Providers who standardise and digitise administrative processes, like Letters of Authority, can help financial advisers deliver a better service to the end client and enhance their own business reputation, says Anthony Rafferty, CEO Origo.

Product providers and platforms can materially help advice firms deliver an improved service to their clients by standardising and digitising their administration processes.

The Letters of Authority (LoA) process is a case in point. Currently, advisers systems can deliver a smooth, client-friendly service to attract and bring a new client on board, only for the process to grind painfully to a halt, as the client has to complete several different forms needed to authorise their adviser to act on their behalf – and then wait as they are manually processed, which can take weeks, or even months, to finalise.*

For advice firms positioning themselves with clients as providing the best experience and service, efficient and client-friendly, to have their brand undermined by administrative processes that are frustratingly outside of their control, does not create a good impression with the client.

Nor does it portray the industry in a good light. Consumers are now used to a high standard of customer service, swift interaction and Amazon-style administration. Paper, fax and weeks of waiting no longer cut it.

At the same time, the advice market is continuing to consolidate, with ever larger companies accruing significant assets under advice and able to wield greater muscle in terms of the service they expect from providers with which they do business.
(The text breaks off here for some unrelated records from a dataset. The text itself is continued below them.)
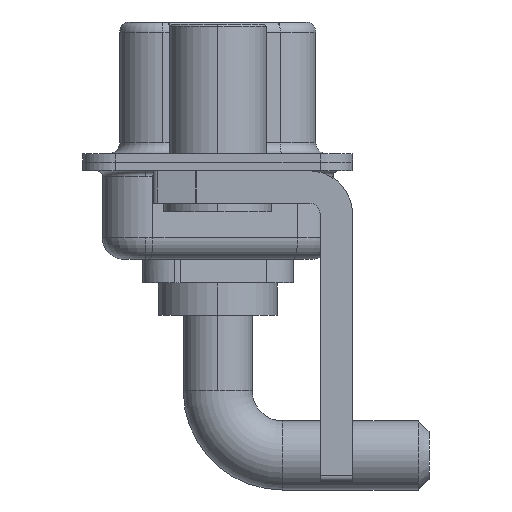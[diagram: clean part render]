
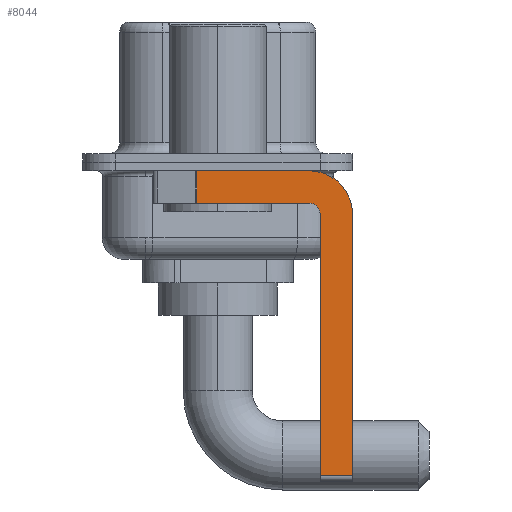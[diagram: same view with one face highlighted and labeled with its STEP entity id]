
A CAD part, left-side view. The second image highlights one B-rep face of the part: STEP entity #8044.
In plain terms, the highlighted planar face has unit normal (-1, 0, 0).
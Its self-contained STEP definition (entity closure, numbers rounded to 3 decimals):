
#273 = ORIENTED_EDGE ( 'NONE', *, *, #15919, .F. ) ;
#323 = CARTESIAN_POINT ( 'NONE',  ( -2.9, -4.25, -0.4 ) ) ;
#551 = DIRECTION ( 'NONE',  ( 0., 0., 1. ) ) ;
#1012 = CARTESIAN_POINT ( 'NONE',  ( -2.9, 0.978, -1.9 ) ) ;
#1115 = ORIENTED_EDGE ( 'NONE', *, *, #16008, .T. ) ;
#1669 = DIRECTION ( 'NONE',  ( 0., 0., 1. ) ) ;
#1748 = EDGE_CURVE ( 'NONE', #14542, #9101, #5475, .T. ) ;
#1799 = VERTEX_POINT ( 'NONE', #2590 ) ;
#2039 = CARTESIAN_POINT ( 'NONE',  ( -2.9, -4.25, -2.4 ) ) ;
#2337 = VECTOR ( 'NONE', #9554, 1000. ) ;
#2386 = CIRCLE ( 'NONE', #11984, 0.5 ) ;
#2590 = CARTESIAN_POINT ( 'NONE',  ( -2.9, -4.25, -1.9 ) ) ;
#3335 = DIRECTION ( 'NONE',  ( 1., 0., 0. ) ) ;
#3784 = ORIENTED_EDGE ( 'NONE', *, *, #5606, .F. ) ;
#4247 = ORIENTED_EDGE ( 'NONE', *, *, #15856, .F. ) ;
#4555 = VERTEX_POINT ( 'NONE', #16772 ) ;
#4835 = DIRECTION ( 'NONE',  ( 0., 0., -1. ) ) ;
#4921 = LINE ( 'NONE', #7579, #12239 ) ;
#5353 = PLANE ( 'NONE',  #8351 ) ;
#5475 = LINE ( 'NONE', #1012, #2337 ) ;
#5606 = EDGE_CURVE ( 'NONE', #14542, #16930, #10513, .T. ) ;
#5699 = DIRECTION ( 'NONE',  ( 0., 1., 0. ) ) ;
#5793 = CARTESIAN_POINT ( 'NONE',  ( -2.9, -4.25, -1.9 ) ) ;
#6581 = CARTESIAN_POINT ( 'NONE',  ( -2.9, -4.25, -2.4 ) ) ;
#7397 = DIRECTION ( 'NONE',  ( -1., 0., 0. ) ) ;
#7579 = CARTESIAN_POINT ( 'NONE',  ( -2.9, -4.25, -14.55 ) ) ;
#7624 = ORIENTED_EDGE ( 'NONE', *, *, #9233, .F. ) ;
#7999 = FACE_OUTER_BOUND ( 'NONE', #18362, .T. ) ;
#8044 = ADVANCED_FACE ( 'NONE', ( #7999 ), #5353, .F. ) ;
#8351 = AXIS2_PLACEMENT_3D ( 'NONE', #6581, #13741, #18372 ) ;
#8436 = LINE ( 'NONE', #5793, #15181 ) ;
#9014 = ORIENTED_EDGE ( 'NONE', *, *, #1748, .T. ) ;
#9101 = VERTEX_POINT ( 'NONE', #18040 ) ;
#9177 = CARTESIAN_POINT ( 'NONE',  ( -2.9, -4.25, -2.4 ) ) ;
#9233 = EDGE_CURVE ( 'NONE', #15992, #12124, #17089, .T. ) ;
#9554 = DIRECTION ( 'NONE',  ( 0., 0., -1. ) ) ;
#10219 = CARTESIAN_POINT ( 'NONE',  ( -2.9, -4.75, -14.8 ) ) ;
#10308 = DIRECTION ( 'NONE',  ( 0., -1., 0. ) ) ;
#10415 = VECTOR ( 'NONE', #1669, 1000. ) ;
#10432 = AXIS2_PLACEMENT_3D ( 'NONE', #2039, #3335, #4835 ) ;
#10495 = CARTESIAN_POINT ( 'NONE',  ( -2.9, -6.25, -2.4 ) ) ;
#10513 = LINE ( 'NONE', #16353, #13108 ) ;
#11902 = EDGE_CURVE ( 'NONE', #1799, #9101, #8436, .T. ) ;
#11984 = AXIS2_PLACEMENT_3D ( 'NONE', #9177, #7397, #551 ) ;
#12124 = VERTEX_POINT ( 'NONE', #14658 ) ;
#12239 = VECTOR ( 'NONE', #10308, 1000. ) ;
#12947 = LINE ( 'NONE', #10219, #10415 ) ;
#13108 = VECTOR ( 'NONE', #17859, 1000. ) ;
#13403 = CARTESIAN_POINT ( 'NONE',  ( -2.9, 0.978, -0.4 ) ) ;
#13625 = ORIENTED_EDGE ( 'NONE', *, *, #17513, .F. ) ;
#13741 = DIRECTION ( 'NONE',  ( 1., 0., 0. ) ) ;
#14318 = VERTEX_POINT ( 'NONE', #15308 ) ;
#14440 = CARTESIAN_POINT ( 'NONE',  ( -2.9, -6.25, -2.4 ) ) ;
#14542 = VERTEX_POINT ( 'NONE', #13403 ) ;
#14658 = CARTESIAN_POINT ( 'NONE',  ( -2.9, -6.25, -14.55 ) ) ;
#15181 = VECTOR ( 'NONE', #5699, 1000. ) ;
#15308 = CARTESIAN_POINT ( 'NONE',  ( -2.9, -4.75, -14.55 ) ) ;
#15856 = EDGE_CURVE ( 'NONE', #14318, #4555, #12947, .T. ) ;
#15919 = EDGE_CURVE ( 'NONE', #16930, #15992, #18570, .T. ) ;
#15960 = DIRECTION ( 'NONE',  ( 0., 0., -1. ) ) ;
#15992 = VERTEX_POINT ( 'NONE', #10495 ) ;
#16008 = EDGE_CURVE ( 'NONE', #14318, #12124, #4921, .T. ) ;
#16353 = CARTESIAN_POINT ( 'NONE',  ( -2.9, 3., -0.4 ) ) ;
#16772 = CARTESIAN_POINT ( 'NONE',  ( -2.9, -4.75, -2.4 ) ) ;
#16920 = VECTOR ( 'NONE', #15960, 1000. ) ;
#16930 = VERTEX_POINT ( 'NONE', #323 ) ;
#17089 = LINE ( 'NONE', #14440, #16920 ) ;
#17513 = EDGE_CURVE ( 'NONE', #4555, #1799, #2386, .T. ) ;
#17859 = DIRECTION ( 'NONE',  ( 0., -1., 0. ) ) ;
#18040 = CARTESIAN_POINT ( 'NONE',  ( -2.9, 0.978, -1.9 ) ) ;
#18219 = ORIENTED_EDGE ( 'NONE', *, *, #11902, .F. ) ;
#18362 = EDGE_LOOP ( 'NONE', ( #3784, #9014, #18219, #13625, #4247, #1115, #7624, #273 ) ) ;
#18372 = DIRECTION ( 'NONE',  ( 0., 0., -1. ) ) ;
#18570 = CIRCLE ( 'NONE', #10432, 2. ) ;
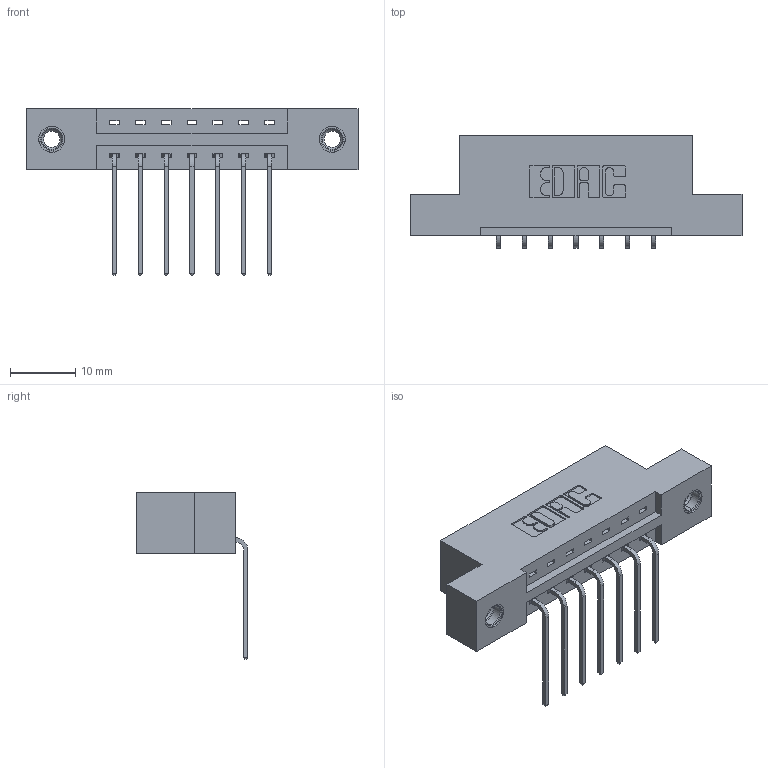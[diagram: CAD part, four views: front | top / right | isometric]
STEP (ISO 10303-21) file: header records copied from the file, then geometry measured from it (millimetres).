
FILE_DESCRIPTION (( 'STEP AP203' ), '1' );
FILE_NAME ('387-007-559-107.STEP', '2018-08-13T06:30:56', ( '' ), ( '' ), 'SwSTEP 2.0', 'SolidWorks 2016', '' );
FILE_SCHEMA (( 'CONFIG_CONTROL_DESIGN' ));
Length unit declared in the file: inch
Products named in the file (4): 337 Part_Flush Mounting Lugs - 0.156 Dia-TI; 345-292-001_558 559 Tail - 1; 345-250-001_345-250-005-103; 387-007-559-107
Assembly tree (10 placements, depth 2):
  387-007-559-107
    337 Part_Flush Mounting Lugs - 0.156 Dia-TI
    345-292-001_558 559 Tail - 1  x7
    345-250-001_345-250-005-103  x2
Bounding box: 50.75 x 17.09 x 25.53 mm (x, y, z)
Volume: 4846.3 mm3; surface area: 4998.1 mm2
Topology: 10 solids, 10 shells, 622 faces, 1805 edges, 1186 vertices
Faces by surface type: plane 438, cylinder 168, cone 12, torus 4
Entity records: 11000 total; most frequent: CARTESIAN_POINT 1894, ORIENTED_EDGE 1830, DIRECTION 1699, EDGE_CURVE 915, LINE 767, VECTOR 767, VERTEX_POINT 604, AXIS2_PLACEMENT_3D 466

Those advice companies are working in an increasingly competitive marketplace, and they will be looking to grow market share rapidly. With that in mind, they are employing digital onboarding systems, looking to create more of an Amazon experience for their clients. They will want provider service on a par, which is cost and time efficient, helps them look good in their clients’ eyes, and facilitates bringing on of new business.

The business implication for providers is that whether large or small, advice firms will want to work with providers that deliver great service and which help them create the best experience for their clients.

Providers have had plenty of calls on their internal resources, particularly over the past two to three years, but since manual processing by its very nature is a time and cost drain on the business, moving to a faster, more efficient and ultimately more cost-effective process, to deliver a better experience for advice firms and to the end customer, has to make sense.

Standardising and better still, digitising essential processes, like Letters of Authority, is one way to improve the administrative journey for all participants.